Another solution to this is to include the following command to your Makefile
.ONESHELL:
SHELL = /bin/bash
By default, every line in a recipe of a make command is executed in a different process. The .ONESHELL:
command allow us to run all the commands inside an operation in the same shell. The line SHELL = /bin/bash
makes explicit the use of shell, which allow us to do
.ONESHELL:
SHELL = /bin/bash
create_environment :
source /srv/conda/etc/profile.d/conda.sh
conda env create -f environment.yml
conda activate notebook
conda install ipykernel
python -m ipykernel install --user --name make-env --display-name "IPython - Make"
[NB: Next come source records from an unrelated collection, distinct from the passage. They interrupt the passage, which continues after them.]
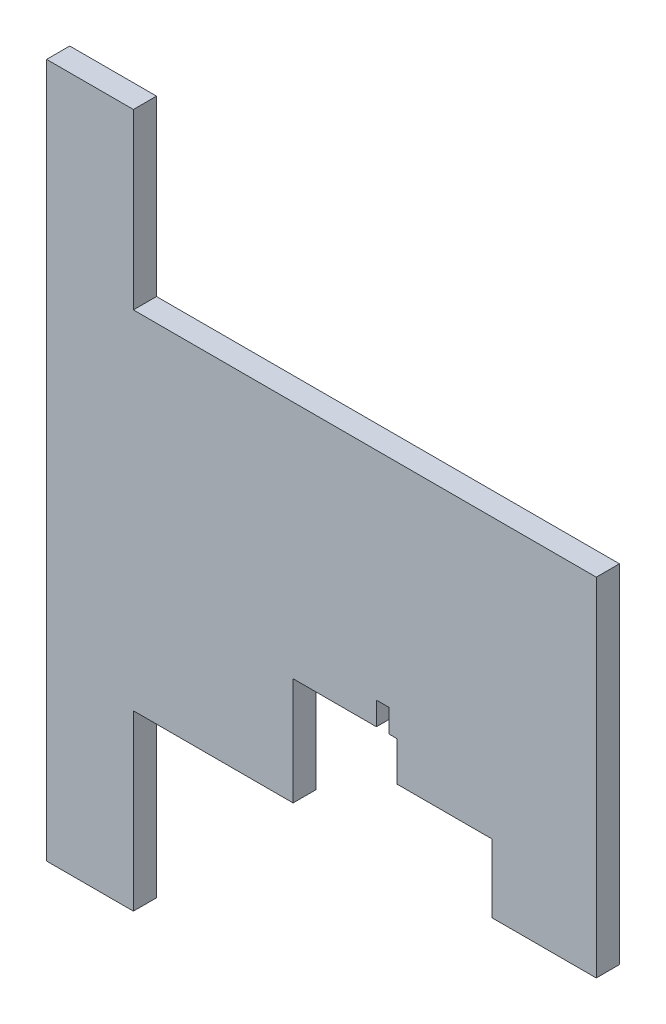
ISO-10303-21;
HEADER;
FILE_DESCRIPTION(('STEP AP214'),'2;1');
FILE_NAME('part.step','',(''),(''),'','','');
FILE_SCHEMA(('AUTOMOTIVE_DESIGN { 1 0 10303 214 1 1 1 1 }'));
ENDSEC;
DATA;
#1=APPLICATION_CONTEXT('core data for automotive mechanical design processes');
#2=APPLICATION_PROTOCOL_DEFINITION('international standard','automotive_design',2000,#1);
#3=PRODUCT_CONTEXT('',#1,'mechanical');
#4=PRODUCT('Part','Part','',(#3));
#5=PRODUCT_RELATED_PRODUCT_CATEGORY('part','',(#4));
#6=PRODUCT_DEFINITION_FORMATION('','',#4);
#7=PRODUCT_DEFINITION_CONTEXT('part definition',#1,'design');
#8=PRODUCT_DEFINITION('design','',#6,#7);
#9=PRODUCT_DEFINITION_SHAPE('','',#8);
#10=(LENGTH_UNIT() NAMED_UNIT(*) SI_UNIT(.MILLI.,.METRE.));
#11=(NAMED_UNIT(*) PLANE_ANGLE_UNIT() SI_UNIT($,.RADIAN.));
#12=(NAMED_UNIT(*) SI_UNIT($,.STERADIAN.) SOLID_ANGLE_UNIT());
#13=UNCERTAINTY_MEASURE_WITH_UNIT(LENGTH_MEASURE(1.E-05),#10,'distance_accuracy_value','');
#14=(GEOMETRIC_REPRESENTATION_CONTEXT(3) GLOBAL_UNCERTAINTY_ASSIGNED_CONTEXT((#13)) GLOBAL_UNIT_ASSIGNED_CONTEXT((#10,
#11,#12)) REPRESENTATION_CONTEXT('',''));
#15=CARTESIAN_POINT('',(0.,0.,0.));
#16=DIRECTION('',(0.,0.,1.));
#17=DIRECTION('',(1.,0.,0.));
#18=AXIS2_PLACEMENT_3D('',#15,#16,#17);
#19=CARTESIAN_POINT('',(101.6,-76.2,5.08));
#20=DIRECTION('',(0.,1.,0.));
#21=DIRECTION('',(-1.,0.,0.));
#22=AXIS2_PLACEMENT_3D('',#19,#20,#21);
#23=PLANE('',#22);
#24=DIRECTION('',(0.,0.,1.));
#25=VECTOR('',#24,1.);
#26=CARTESIAN_POINT('',(35.052,-76.2,0.));
#27=LINE('',#26,#25);
#28=CARTESIAN_POINT('',(35.052,-76.2,0.));
#29=VERTEX_POINT('',#28);
#30=CARTESIAN_POINT('',(35.052,-76.2,5.08));
#31=VERTEX_POINT('',#30);
#32=EDGE_CURVE('E304',#29,#31,#27,.T.);
#33=ORIENTED_EDGE('',*,*,#32,.T.);
#34=DIRECTION('',(1.,0.,0.));
#35=VECTOR('',#34,1.);
#36=CARTESIAN_POINT('',(101.6,-76.2,5.08));
#37=LINE('',#36,#35);
#38=CARTESIAN_POINT('',(0.,-76.2,5.08));
#39=VERTEX_POINT('',#38);
#40=EDGE_CURVE('E139',#39,#31,#37,.T.);
#41=ORIENTED_EDGE('',*,*,#40,.F.);
#42=DIRECTION('',(0.,0.,-1.));
#43=VECTOR('',#42,1.);
#44=CARTESIAN_POINT('',(0.,-76.2,5.08));
#45=LINE('',#44,#43);
#46=CARTESIAN_POINT('',(0.,-76.2,0.));
#47=VERTEX_POINT('',#46);
#48=EDGE_CURVE('E150',#39,#47,#45,.T.);
#49=ORIENTED_EDGE('',*,*,#48,.T.);
#50=DIRECTION('',(1.,0.,0.));
#51=VECTOR('',#50,1.);
#52=CARTESIAN_POINT('',(101.6,-76.2,0.));
#53=LINE('',#52,#51);
#54=EDGE_CURVE('E179',#47,#29,#53,.T.);
#55=ORIENTED_EDGE('',*,*,#54,.T.);
#56=EDGE_LOOP('',(#33,#41,#49,#55));
#57=FACE_BOUND('',#56,.T.);
#58=ADVANCED_FACE('F44',(#57),#23,.F.);
#59=DIRECTION('',(0.,0.,1.));
#60=VECTOR('',#59,1.);
#61=CARTESIAN_POINT('',(78.74,-76.2,0.));
#62=LINE('',#61,#60);
#63=CARTESIAN_POINT('',(78.74,-76.2,0.));
#64=VERTEX_POINT('',#63);
#65=CARTESIAN_POINT('',(78.74,-76.2,5.08));
#66=VERTEX_POINT('',#65);
#67=EDGE_CURVE('E300',#64,#66,#62,.T.);
#68=ORIENTED_EDGE('',*,*,#67,.F.);
#69=CARTESIAN_POINT('',(101.6,-76.2,0.));
#70=VERTEX_POINT('',#69);
#71=EDGE_CURVE('E146',#64,#70,#53,.T.);
#72=ORIENTED_EDGE('',*,*,#71,.T.);
#73=DIRECTION('',(0.,0.,-1.));
#74=VECTOR('',#73,1.);
#75=CARTESIAN_POINT('',(101.6,-76.2,5.08));
#76=LINE('',#75,#74);
#77=CARTESIAN_POINT('',(101.6,-76.2,5.08));
#78=VERTEX_POINT('',#77);
#79=EDGE_CURVE('E143',#78,#70,#76,.T.);
#80=ORIENTED_EDGE('',*,*,#79,.F.);
#81=EDGE_CURVE('E126',#66,#78,#37,.T.);
#82=ORIENTED_EDGE('',*,*,#81,.F.);
#83=EDGE_LOOP('',(#68,#72,#80,#82));
#84=FACE_BOUND('',#83,.T.);
#85=ADVANCED_FACE('F144',(#84),#23,.F.);
#86=CARTESIAN_POINT('',(0.,0.,5.08));
#87=DIRECTION('',(0.,0.,1.));
#88=DIRECTION('',(1.,0.,0.));
#89=AXIS2_PLACEMENT_3D('',#86,#87,#88);
#90=PLANE('',#89);
#91=ORIENTED_EDGE('',*,*,#40,.T.);
#92=DIRECTION('',(0.,1.,0.));
#93=VECTOR('',#92,1.);
#94=CARTESIAN_POINT('',(35.052,0.,5.08));
#95=LINE('',#94,#93);
#96=CARTESIAN_POINT('',(35.052,-52.578,5.08));
#97=VERTEX_POINT('',#96);
#98=EDGE_CURVE('E167',#31,#97,#95,.T.);
#99=ORIENTED_EDGE('',*,*,#98,.T.);
#100=DIRECTION('',(1.,0.,0.));
#101=VECTOR('',#100,1.);
#102=CARTESIAN_POINT('',(0.,-52.578,5.08));
#103=LINE('',#102,#101);
#104=CARTESIAN_POINT('',(53.34,-52.578,5.08));
#105=VERTEX_POINT('',#104);
#106=EDGE_CURVE('E241',#97,#105,#103,.T.);
#107=ORIENTED_EDGE('',*,*,#106,.T.);
#108=DIRECTION('',(0.,1.,0.));
#109=VECTOR('',#108,1.);
#110=CARTESIAN_POINT('',(53.34,0.,5.08));
#111=LINE('',#110,#109);
#112=CARTESIAN_POINT('',(53.34,-47.498,5.08));
#113=VERTEX_POINT('',#112);
#114=EDGE_CURVE('E245',#105,#113,#111,.T.);
#115=ORIENTED_EDGE('',*,*,#114,.T.);
#116=DIRECTION('',(1.,0.,0.));
#117=VECTOR('',#116,1.);
#118=CARTESIAN_POINT('',(0.,-47.498,5.08));
#119=LINE('',#118,#117);
#120=CARTESIAN_POINT('',(56.134,-47.498,5.08));
#121=VERTEX_POINT('',#120);
#122=EDGE_CURVE('E249',#113,#121,#119,.T.);
#123=ORIENTED_EDGE('',*,*,#122,.T.);
#124=DIRECTION('',(0.,-1.,0.));
#125=VECTOR('',#124,1.);
#126=CARTESIAN_POINT('',(56.134,0.,5.08));
#127=LINE('',#126,#125);
#128=CARTESIAN_POINT('',(56.134,-52.578,5.08));
#129=VERTEX_POINT('',#128);
#130=EDGE_CURVE('E253',#121,#129,#127,.T.);
#131=ORIENTED_EDGE('',*,*,#130,.T.);
#132=DIRECTION('',(1.,0.,0.));
#133=VECTOR('',#132,1.);
#134=CARTESIAN_POINT('',(0.,-52.578,5.08));
#135=LINE('',#134,#133);
#136=CARTESIAN_POINT('',(57.912,-52.578,5.08));
#137=VERTEX_POINT('',#136);
#138=EDGE_CURVE('E257',#129,#137,#135,.T.);
#139=ORIENTED_EDGE('',*,*,#138,.T.);
#140=DIRECTION('',(0.,-1.,0.));
#141=VECTOR('',#140,1.);
#142=CARTESIAN_POINT('',(57.912,0.,5.08));
#143=LINE('',#142,#141);
#144=CARTESIAN_POINT('',(57.912,-61.214,5.08));
#145=VERTEX_POINT('',#144);
#146=EDGE_CURVE('E261',#137,#145,#143,.T.);
#147=ORIENTED_EDGE('',*,*,#146,.T.);
#148=DIRECTION('',(1.,0.,0.));
#149=VECTOR('',#148,1.);
#150=CARTESIAN_POINT('',(0.,-61.214,5.08));
#151=LINE('',#150,#149);
#152=CARTESIAN_POINT('',(78.74,-61.214,5.08));
#153=VERTEX_POINT('',#152);
#154=EDGE_CURVE('E265',#145,#153,#151,.T.);
#155=ORIENTED_EDGE('',*,*,#154,.T.);
#156=DIRECTION('',(0.,-1.,0.));
#157=VECTOR('',#156,1.);
#158=CARTESIAN_POINT('',(78.7399999999999,1.45834380353304E-13,5.08));
#159=LINE('',#158,#157);
#160=EDGE_CURVE('E135',#153,#66,#159,.T.);
#161=ORIENTED_EDGE('',*,*,#160,.T.);
#162=ORIENTED_EDGE('',*,*,#81,.T.);
#163=DIRECTION('',(0.,1.,0.));
#164=VECTOR('',#163,1.);
#165=CARTESIAN_POINT('',(101.6,0.,5.08));
#166=LINE('',#165,#164);
#167=CARTESIAN_POINT('',(101.6,0.,5.08));
#168=VERTEX_POINT('',#167);
#169=EDGE_CURVE('E131',#78,#168,#166,.T.);
#170=ORIENTED_EDGE('',*,*,#169,.T.);
#171=DIRECTION('',(-1.,0.,0.));
#172=VECTOR('',#171,1.);
#173=CARTESIAN_POINT('',(0.,0.,5.08));
#174=LINE('',#173,#172);
#175=CARTESIAN_POINT('',(0.,0.,5.08));
#176=VERTEX_POINT('',#175);
#177=EDGE_CURVE('E69',#168,#176,#174,.T.);
#178=ORIENTED_EDGE('',*,*,#177,.T.);
#179=DIRECTION('',(0.,1.,0.));
#180=VECTOR('',#179,1.);
#181=CARTESIAN_POINT('',(0.,0.,5.08));
#182=LINE('',#181,#180);
#183=CARTESIAN_POINT('',(0.,38.1,5.08));
#184=VERTEX_POINT('',#183);
#185=EDGE_CURVE('E188',#176,#184,#182,.T.);
#186=ORIENTED_EDGE('',*,*,#185,.T.);
#187=DIRECTION('',(-1.,0.,0.));
#188=VECTOR('',#187,1.);
#189=CARTESIAN_POINT('',(0.,38.1,5.08));
#190=LINE('',#189,#188);
#191=CARTESIAN_POINT('',(-19.05,38.1,5.08));
#192=VERTEX_POINT('',#191);
#193=EDGE_CURVE('E110',#184,#192,#190,.T.);
#194=ORIENTED_EDGE('',*,*,#193,.T.);
#195=DIRECTION('',(0.,-1.,0.));
#196=VECTOR('',#195,1.);
#197=CARTESIAN_POINT('',(-19.05,38.1,5.08));
#198=LINE('',#197,#196);
#199=CARTESIAN_POINT('',(-19.05,-114.3,5.08));
#200=VERTEX_POINT('',#199);
#201=EDGE_CURVE('E210',#192,#200,#198,.T.);
#202=ORIENTED_EDGE('',*,*,#201,.T.);
#203=DIRECTION('',(1.,0.,0.));
#204=VECTOR('',#203,1.);
#205=CARTESIAN_POINT('',(-19.05,-114.3,5.08));
#206=LINE('',#205,#204);
#207=CARTESIAN_POINT('',(0.,-114.3,5.08));
#208=VERTEX_POINT('',#207);
#209=EDGE_CURVE('E228',#200,#208,#206,.T.);
#210=ORIENTED_EDGE('',*,*,#209,.T.);
#211=DIRECTION('',(0.,1.,0.));
#212=VECTOR('',#211,1.);
#213=CARTESIAN_POINT('',(0.,-114.3,5.08));
#214=LINE('',#213,#212);
#215=EDGE_CURVE('E140',#208,#39,#214,.T.);
#216=ORIENTED_EDGE('',*,*,#215,.T.);
#217=EDGE_LOOP('',(#91,#99,#107,#115,#123,#131,#139,#147,#155,#161,#162,#170,#178,#186,#194,
#202,#210,#216));
#218=FACE_BOUND('',#217,.T.);
#219=ADVANCED_FACE('F129',(#218),#90,.T.);
#220=CARTESIAN_POINT('',(0.,0.,0.));
#221=DIRECTION('',(0.,0.,1.));
#222=DIRECTION('',(1.,0.,0.));
#223=AXIS2_PLACEMENT_3D('',#220,#221,#222);
#224=PLANE('',#223);
#225=DIRECTION('',(0.,1.,0.));
#226=VECTOR('',#225,1.);
#227=CARTESIAN_POINT('',(35.052,-76.2,0.));
#228=LINE('',#227,#226);
#229=CARTESIAN_POINT('',(35.052,-52.578,0.));
#230=VERTEX_POINT('',#229);
#231=EDGE_CURVE('E338',#29,#230,#228,.T.);
#232=ORIENTED_EDGE('',*,*,#231,.F.);
#233=ORIENTED_EDGE('',*,*,#54,.F.);
#234=DIRECTION('',(0.,1.,0.));
#235=VECTOR('',#234,1.);
#236=CARTESIAN_POINT('',(0.,-114.3,0.));
#237=LINE('',#236,#235);
#238=CARTESIAN_POINT('',(0.,-114.3,0.));
#239=VERTEX_POINT('',#238);
#240=EDGE_CURVE('E176',#239,#47,#237,.T.);
#241=ORIENTED_EDGE('',*,*,#240,.F.);
#242=DIRECTION('',(1.,0.,0.));
#243=VECTOR('',#242,1.);
#244=CARTESIAN_POINT('',(-19.05,-114.3,0.));
#245=LINE('',#244,#243);
#246=CARTESIAN_POINT('',(-19.05,-114.3,0.));
#247=VERTEX_POINT('',#246);
#248=EDGE_CURVE('E173',#247,#239,#245,.T.);
#249=ORIENTED_EDGE('',*,*,#248,.F.);
#250=DIRECTION('',(0.,-1.,0.));
#251=VECTOR('',#250,1.);
#252=CARTESIAN_POINT('',(-19.05,38.1,0.));
#253=LINE('',#252,#251);
#254=CARTESIAN_POINT('',(-19.05,38.1,0.));
#255=VERTEX_POINT('',#254);
#256=EDGE_CURVE('E170',#255,#247,#253,.T.);
#257=ORIENTED_EDGE('',*,*,#256,.F.);
#258=DIRECTION('',(-1.,0.,0.));
#259=VECTOR('',#258,1.);
#260=CARTESIAN_POINT('',(0.,38.1,0.));
#261=LINE('',#260,#259);
#262=CARTESIAN_POINT('',(0.,38.1,0.));
#263=VERTEX_POINT('',#262);
#264=EDGE_CURVE('E166',#263,#255,#261,.T.);
#265=ORIENTED_EDGE('',*,*,#264,.F.);
#266=DIRECTION('',(0.,1.,0.));
#267=VECTOR('',#266,1.);
#268=CARTESIAN_POINT('',(0.,0.,0.));
#269=LINE('',#268,#267);
#270=CARTESIAN_POINT('',(0.,0.,0.));
#271=VERTEX_POINT('',#270);
#272=EDGE_CURVE('E162',#271,#263,#269,.T.);
#273=ORIENTED_EDGE('',*,*,#272,.F.);
#274=DIRECTION('',(-1.,0.,0.));
#275=VECTOR('',#274,1.);
#276=CARTESIAN_POINT('',(0.,0.,0.));
#277=LINE('',#276,#275);
#278=CARTESIAN_POINT('',(101.6,0.,0.));
#279=VERTEX_POINT('',#278);
#280=EDGE_CURVE('E102',#279,#271,#277,.T.);
#281=ORIENTED_EDGE('',*,*,#280,.F.);
#282=DIRECTION('',(0.,1.,0.));
#283=VECTOR('',#282,1.);
#284=CARTESIAN_POINT('',(101.6,0.,0.));
#285=LINE('',#284,#283);
#286=EDGE_CURVE('E183',#70,#279,#285,.T.);
#287=ORIENTED_EDGE('',*,*,#286,.F.);
#288=ORIENTED_EDGE('',*,*,#71,.F.);
#289=DIRECTION('',(0.,-1.,0.));
#290=VECTOR('',#289,1.);
#291=CARTESIAN_POINT('',(78.74,-61.214,0.));
#292=LINE('',#291,#290);
#293=CARTESIAN_POINT('',(78.74,-61.214,0.));
#294=VERTEX_POINT('',#293);
#295=EDGE_CURVE('E308',#294,#64,#292,.T.);
#296=ORIENTED_EDGE('',*,*,#295,.F.);
#297=DIRECTION('',(1.,0.,0.));
#298=VECTOR('',#297,1.);
#299=CARTESIAN_POINT('',(57.912,-61.214,0.));
#300=LINE('',#299,#298);
#301=CARTESIAN_POINT('',(57.912,-61.214,0.));
#302=VERTEX_POINT('',#301);
#303=EDGE_CURVE('E311',#302,#294,#300,.T.);
#304=ORIENTED_EDGE('',*,*,#303,.F.);
#305=DIRECTION('',(0.,-1.,0.));
#306=VECTOR('',#305,1.);
#307=CARTESIAN_POINT('',(57.912,-52.578,0.));
#308=LINE('',#307,#306);
#309=CARTESIAN_POINT('',(57.912,-52.578,0.));
#310=VERTEX_POINT('',#309);
#311=EDGE_CURVE('E314',#310,#302,#308,.T.);
#312=ORIENTED_EDGE('',*,*,#311,.F.);
#313=DIRECTION('',(1.,0.,0.));
#314=VECTOR('',#313,1.);
#315=CARTESIAN_POINT('',(56.134,-52.578,0.));
#316=LINE('',#315,#314);
#317=CARTESIAN_POINT('',(56.134,-52.578,0.));
#318=VERTEX_POINT('',#317);
#319=EDGE_CURVE('E318',#318,#310,#316,.T.);
#320=ORIENTED_EDGE('',*,*,#319,.F.);
#321=DIRECTION('',(0.,-1.,0.));
#322=VECTOR('',#321,1.);
#323=CARTESIAN_POINT('',(56.134,-47.498,0.));
#324=LINE('',#323,#322);
#325=CARTESIAN_POINT('',(56.134,-47.498,0.));
#326=VERTEX_POINT('',#325);
#327=EDGE_CURVE('E322',#326,#318,#324,.T.);
#328=ORIENTED_EDGE('',*,*,#327,.F.);
#329=DIRECTION('',(1.,0.,0.));
#330=VECTOR('',#329,1.);
#331=CARTESIAN_POINT('',(53.34,-47.498,0.));
#332=LINE('',#331,#330);
#333=CARTESIAN_POINT('',(53.34,-47.498,0.));
#334=VERTEX_POINT('',#333);
#335=EDGE_CURVE('E326',#334,#326,#332,.T.);
#336=ORIENTED_EDGE('',*,*,#335,.F.);
#337=DIRECTION('',(0.,1.,0.));
#338=VECTOR('',#337,1.);
#339=CARTESIAN_POINT('',(53.34,-52.578,0.));
#340=LINE('',#339,#338);
#341=CARTESIAN_POINT('',(53.34,-52.578,0.));
#342=VERTEX_POINT('',#341);
#343=EDGE_CURVE('E330',#342,#334,#340,.T.);
#344=ORIENTED_EDGE('',*,*,#343,.F.);
#345=DIRECTION('',(1.,0.,0.));
#346=VECTOR('',#345,1.);
#347=CARTESIAN_POINT('',(35.052,-52.578,0.));
#348=LINE('',#347,#346);
#349=EDGE_CURVE('E334',#230,#342,#348,.T.);
#350=ORIENTED_EDGE('',*,*,#349,.F.);
#351=EDGE_LOOP('',(#232,#233,#241,#249,#257,#265,#273,#281,#287,#288,#296,#304,#312,#320,#328,
#336,#344,#350));
#352=FACE_BOUND('',#351,.T.);
#353=ADVANCED_FACE('F214',(#352),#224,.F.);
#354=CARTESIAN_POINT('',(0.,0.,5.08));
#355=DIRECTION('',(-1.,0.,0.));
#356=DIRECTION('',(0.,0.,1.));
#357=AXIS2_PLACEMENT_3D('',#354,#355,#356);
#358=PLANE('',#357);
#359=ORIENTED_EDGE('',*,*,#272,.T.);
#360=DIRECTION('',(0.,0.,-1.));
#361=VECTOR('',#360,1.);
#362=CARTESIAN_POINT('',(0.,38.1,5.08));
#363=LINE('',#362,#361);
#364=EDGE_CURVE('E11',#184,#263,#363,.T.);
#365=ORIENTED_EDGE('',*,*,#364,.F.);
#366=ORIENTED_EDGE('',*,*,#185,.F.);
#367=DIRECTION('',(0.,0.,-1.));
#368=VECTOR('',#367,1.);
#369=CARTESIAN_POINT('',(0.,0.,5.08));
#370=LINE('',#369,#368);
#371=EDGE_CURVE('E158',#176,#271,#370,.T.);
#372=ORIENTED_EDGE('',*,*,#371,.T.);
#373=EDGE_LOOP('',(#359,#365,#366,#372));
#374=FACE_BOUND('',#373,.T.);
#375=ADVANCED_FACE('F46',(#374),#358,.F.);
#376=CARTESIAN_POINT('',(0.,38.1,5.08));
#377=DIRECTION('',(0.,-1.,0.));
#378=DIRECTION('',(0.,0.,-1.));
#379=AXIS2_PLACEMENT_3D('',#376,#377,#378);
#380=PLANE('',#379);
#381=ORIENTED_EDGE('',*,*,#264,.T.);
#382=DIRECTION('',(0.,0.,-1.));
#383=VECTOR('',#382,1.);
#384=CARTESIAN_POINT('',(-19.05,38.1,5.08));
#385=LINE('',#384,#383);
#386=EDGE_CURVE('E53',#192,#255,#385,.T.);
#387=ORIENTED_EDGE('',*,*,#386,.F.);
#388=ORIENTED_EDGE('',*,*,#193,.F.);
#389=ORIENTED_EDGE('',*,*,#364,.T.);
#390=EDGE_LOOP('',(#381,#387,#388,#389));
#391=FACE_BOUND('',#390,.T.);
#392=ADVANCED_FACE('F436',(#391),#380,.F.);
#393=CARTESIAN_POINT('',(-19.05,38.1,5.08));
#394=DIRECTION('',(1.,0.,0.));
#395=DIRECTION('',(0.,1.,0.));
#396=AXIS2_PLACEMENT_3D('',#393,#394,#395);
#397=PLANE('',#396);
#398=ORIENTED_EDGE('',*,*,#256,.T.);
#399=DIRECTION('',(0.,0.,-1.));
#400=VECTOR('',#399,1.);
#401=CARTESIAN_POINT('',(-19.05,-114.3,5.08));
#402=LINE('',#401,#400);
#403=EDGE_CURVE('E200',#200,#247,#402,.T.);
#404=ORIENTED_EDGE('',*,*,#403,.F.);
#405=ORIENTED_EDGE('',*,*,#201,.F.);
#406=ORIENTED_EDGE('',*,*,#386,.T.);
#407=EDGE_LOOP('',(#398,#404,#405,#406));
#408=FACE_BOUND('',#407,.T.);
#409=ADVANCED_FACE('F208',(#408),#397,.F.);
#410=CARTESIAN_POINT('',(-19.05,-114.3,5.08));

3.5. Self-documenting Makefile#
A very useful feature we can add to our Makefile is to include documentation for the different operations we write. A simple hack for doing this automatically consists in including a commented line starting with ##
on top of each operation, for example,
## clean : Remove output files
.PHONY : clean
clean :
rm -f results/*
and then include the following command in your Makefile.
.PHONY : help
help : Makefile
@sed -n 's/^##//p' $<
Now, the next time you execute make help
from the terminal you will see
!make help
clean : Remove auto-generated files.